There are a lot of reasons to be hopeful that this is not a serious drug problem, and that after a period of normal, teenage rebellion, your cousin will come out the other side and in to adulthood, successfully.

All the best.


----------



## Foxee (Jul 29, 2015)

What I'm thinking would take some chutzpah to do but it's what my instinct says might work. Introduce yourself to the 26-year-old guy, let him know who you are and, without overtly stating it, I think that would send a message that your cousin DOES have someone who's watching and cares what happens to him. If he is predatory that might put him off a bit even if it doesn't entirely discourage him. Plus, it would give you a chance to asses the guy face-to-face.

I don't know what the age of majority is where you are but that would be a factor as well.

Additionally, when at all possible be your cousin's friend, it sounds like you have a marginally better relationship with him than he has with anyone else. Be all up in his business, smiling and helpful the whole time.

I don't ascribe to the idea that kids left to their own devices will turn out to be good adults. I think that it's possible but the road will be rockier and there can be a lot of pain both to them and to others around them if they do whatever they like.


----------



## Mistique (Jul 30, 2015)

KLJo said:


> There's a reason Marijuana is being decriminalized. It is not really apt to describe a user as a "severe drug addict".
> 
> There are a lot of reasons to be hopeful that this is not a serious drug problem, and that after a period of normal, teenage rebellion, your cousin will come out the other side and in to adulthood, successfully.
> 
> All the best.



I hope so, Kljo, I really do.


----------



## Mistique (Jul 30, 2015)

Foxee said:


> What I'm thinking would take some chutzpah to do but it's what my instinct says might work.

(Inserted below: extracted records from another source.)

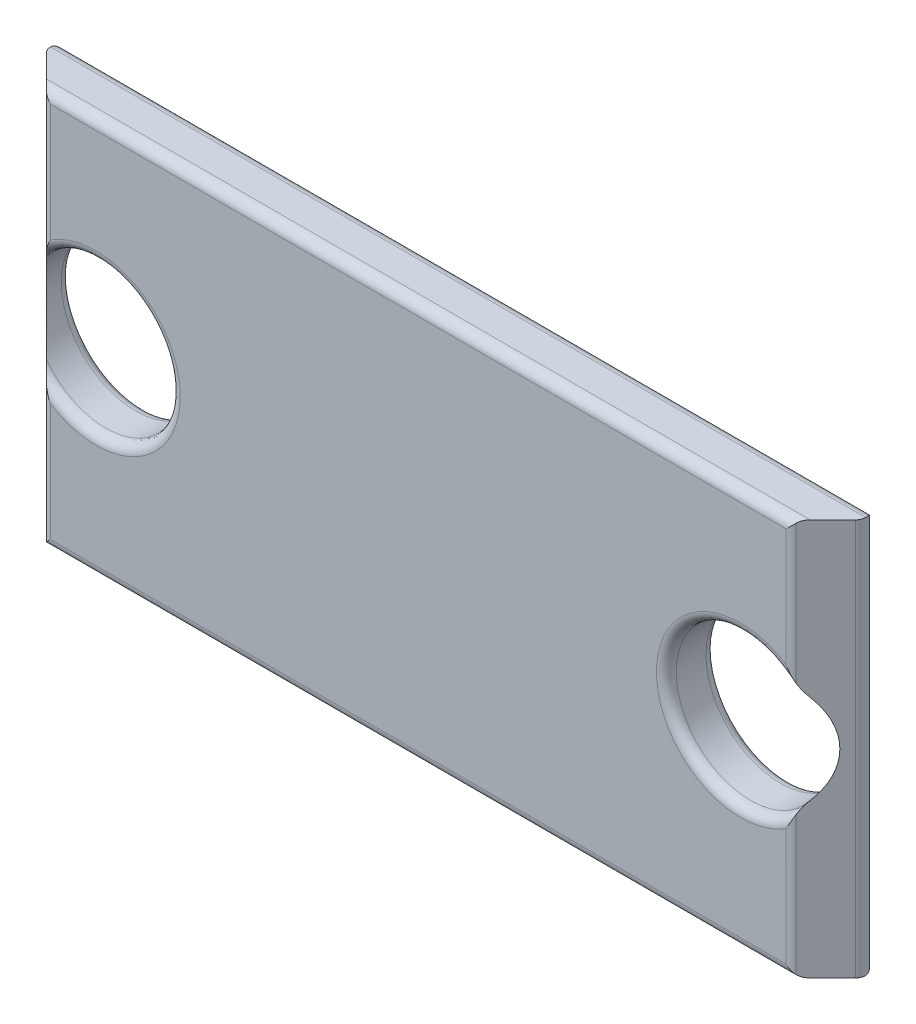
ISO-10303-21;
HEADER;
FILE_DESCRIPTION(('STEP AP214'),'2;1');
FILE_NAME('part.step','',(''),(''),'','','');
FILE_SCHEMA(('AUTOMOTIVE_DESIGN { 1 0 10303 214 1 1 1 1 }'));
ENDSEC;
DATA;
#1=APPLICATION_CONTEXT('core data for automotive mechanical design processes');
#2=APPLICATION_PROTOCOL_DEFINITION('international standard','automotive_design',2000,#1);
#3=PRODUCT_CONTEXT('',#1,'mechanical');
#4=PRODUCT('Part','Part','',(#3));
#5=PRODUCT_RELATED_PRODUCT_CATEGORY('part','',(#4));
#6=PRODUCT_DEFINITION_FORMATION('','',#4);
#7=PRODUCT_DEFINITION_CONTEXT('part definition',#1,'design');
#8=PRODUCT_DEFINITION('design','',#6,#7);
#9=PRODUCT_DEFINITION_SHAPE('','',#8);
#10=(LENGTH_UNIT() NAMED_UNIT(*) SI_UNIT(.MILLI.,.METRE.));
#11=(NAMED_UNIT(*) PLANE_ANGLE_UNIT() SI_UNIT($,.RADIAN.));
#12=(NAMED_UNIT(*) SI_UNIT($,.STERADIAN.) SOLID_ANGLE_UNIT());
#13=UNCERTAINTY_MEASURE_WITH_UNIT(LENGTH_MEASURE(1.E-05),#10,'distance_accuracy_value','');
#14=(GEOMETRIC_REPRESENTATION_CONTEXT(3) GLOBAL_UNCERTAINTY_ASSIGNED_CONTEXT((#13)) GLOBAL_UNIT_ASSIGNED_CONTEXT((#10,
#11,#12)) REPRESENTATION_CONTEXT('',''));
#15=CARTESIAN_POINT('',(0.,0.,0.));
#16=DIRECTION('',(0.,0.,1.));
#17=DIRECTION('',(1.,0.,0.));
#18=AXIS2_PLACEMENT_3D('',#15,#16,#17);
#19=CARTESIAN_POINT('',(0.,0.,1.));
#20=DIRECTION('',(0.,0.,-1.));
#21=DIRECTION('',(-1.,0.,0.));
#22=AXIS2_PLACEMENT_3D('',#19,#20,#21);
#23=PLANE('',#22);
#24=CARTESIAN_POINT('',(2.,4.,1.));
#25=DIRECTION('',(0.,0.,-1.));
#26=DIRECTION('',(-1.,0.,0.));
#27=AXIS2_PLACEMENT_3D('',#24,#25,#26);
#28=CIRCLE('',#27,1.7);
#29=CARTESIAN_POINT('',(1.08284271247464,5.43137084989849,1.));
#30=VERTEX_POINT('',#29);
#31=CARTESIAN_POINT('',(1.08284271247464,2.56862915010151,1.));
#32=VERTEX_POINT('',#31);
#33=EDGE_CURVE('E42',#30,#32,#28,.T.);
#34=ORIENTED_EDGE('',*,*,#33,.T.);
#35=DIRECTION('',(0.,1.,0.));
#36=VECTOR('',#35,1.);
#37=CARTESIAN_POINT('',(1.08284271247464,0.,1.));
#38=LINE('',#37,#36);
#39=CARTESIAN_POINT('',(1.08284271247464,0.2,1.));
#40=VERTEX_POINT('',#39);
#41=EDGE_CURVE('E11',#32,#40,#38,.F.);
#42=ORIENTED_EDGE('',*,*,#41,.T.);
#43=DIRECTION('',(1.,0.,0.));
#44=VECTOR('',#43,1.);
#45=CARTESIAN_POINT('',(0.,0.2,1.));
#46=LINE('',#45,#44);
#47=CARTESIAN_POINT('',(15.9171572875254,0.2,1.));
#48=VERTEX_POINT('',#47);
#49=EDGE_CURVE('E341',#40,#48,#46,.T.);
#50=ORIENTED_EDGE('',*,*,#49,.T.);
#51=DIRECTION('',(0.,-1.,0.));
#52=VECTOR('',#51,1.);
#53=CARTESIAN_POINT('',(15.9171572875254,2.88196601125009,1.));
#54=LINE('',#53,#52);
#55=CARTESIAN_POINT('',(15.9171572875254,2.56862915010151,1.));
#56=VERTEX_POINT('',#55);
#57=EDGE_CURVE('E343',#48,#56,#54,.F.);
#58=ORIENTED_EDGE('',*,*,#57,.T.);
#59=CARTESIAN_POINT('',(15.,4.,1.));
#60=DIRECTION('',(0.,0.,-1.));
#61=DIRECTION('',(-1.,0.,0.));
#62=AXIS2_PLACEMENT_3D('',#59,#60,#61);
#63=CIRCLE('',#62,1.7);
#64=CARTESIAN_POINT('',(15.9171572875254,5.43137084989849,1.));
#65=VERTEX_POINT('',#64);
#66=EDGE_CURVE('E345',#56,#65,#63,.T.);
#67=ORIENTED_EDGE('',*,*,#66,.T.);
#68=DIRECTION('',(0.,-1.,0.));
#69=VECTOR('',#68,1.);
#70=CARTESIAN_POINT('',(15.9171572875254,8.,1.));
#71=LINE('',#70,#69);
#72=CARTESIAN_POINT('',(15.9171572875254,7.8,1.));
#73=VERTEX_POINT('',#72);
#74=EDGE_CURVE('E347',#65,#73,#71,.F.);
#75=ORIENTED_EDGE('',*,*,#74,.T.);
#76=DIRECTION('',(-1.,0.,0.));
#77=VECTOR('',#76,1.);
#78=CARTESIAN_POINT('',(0.,7.8,1.));
#79=LINE('',#78,#77);
#80=CARTESIAN_POINT('',(1.08284271247464,7.8,1.));
#81=VERTEX_POINT('',#80);
#82=EDGE_CURVE('E349',#73,#81,#79,.T.);
#83=ORIENTED_EDGE('',*,*,#82,.T.);
#84=DIRECTION('',(0.,1.,0.));
#85=VECTOR('',#84,1.);
#86=CARTESIAN_POINT('',(1.08284271247464,5.11803398874991,1.));
#87=LINE('',#86,#85);
#88=EDGE_CURVE('E53',#81,#30,#87,.F.);
#89=ORIENTED_EDGE('',*,*,#88,.T.);
#90=EDGE_LOOP('',(#34,#42,#50,#58,#67,#75,#83,#89));
#91=FACE_BOUND('',#90,.T.);
#92=ADVANCED_FACE('F33',(#91),#23,.F.);
#93=CARTESIAN_POINT('',(0.,0.,0.));
#94=DIRECTION('',(0.,0.,-1.));
#95=DIRECTION('',(-1.,0.,0.));
#96=AXIS2_PLACEMENT_3D('',#93,#94,#95);
#97=PLANE('',#96);
#98=CARTESIAN_POINT('',(15.,4.,0.));
#99=DIRECTION('',(0.,0.,-1.));
#100=DIRECTION('',(-1.,0.,0.));
#101=AXIS2_PLACEMENT_3D('',#98,#99,#100);
#102=CIRCLE('',#101,1.7);
#103=CARTESIAN_POINT('',(16.5171572875254,4.76696399192443,0.));
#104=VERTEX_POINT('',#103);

Introduce yourself to the 26-year-old guy, let him know who you are and, without overtly stating it, I think that would send a message that your cousin DOES have someone who's watching and cares what happens to him. If he is predatory that might put him off a bit even if it doesn't entirely discourage him. Plus, it would give you a chance to asses the guy face-to-face.
> 
> I don't know what the age of majority is where you are but that would be a factor as well.
> 
> ...



Thank you very much for that. I have actually had the very same idea, to go and meet him and have a little chat about how nice is is that he is supporting my cousin especially when there are so many other people in his life who do the same thing. Just so that if he is a predator he will know that we are out there and that perhaps my cousin isn't the easiest target. I think I will do just that. Thank you!


----------



## Foxee (Jul 30, 2015)

You're welcome. You've got my respect, I'll tell you.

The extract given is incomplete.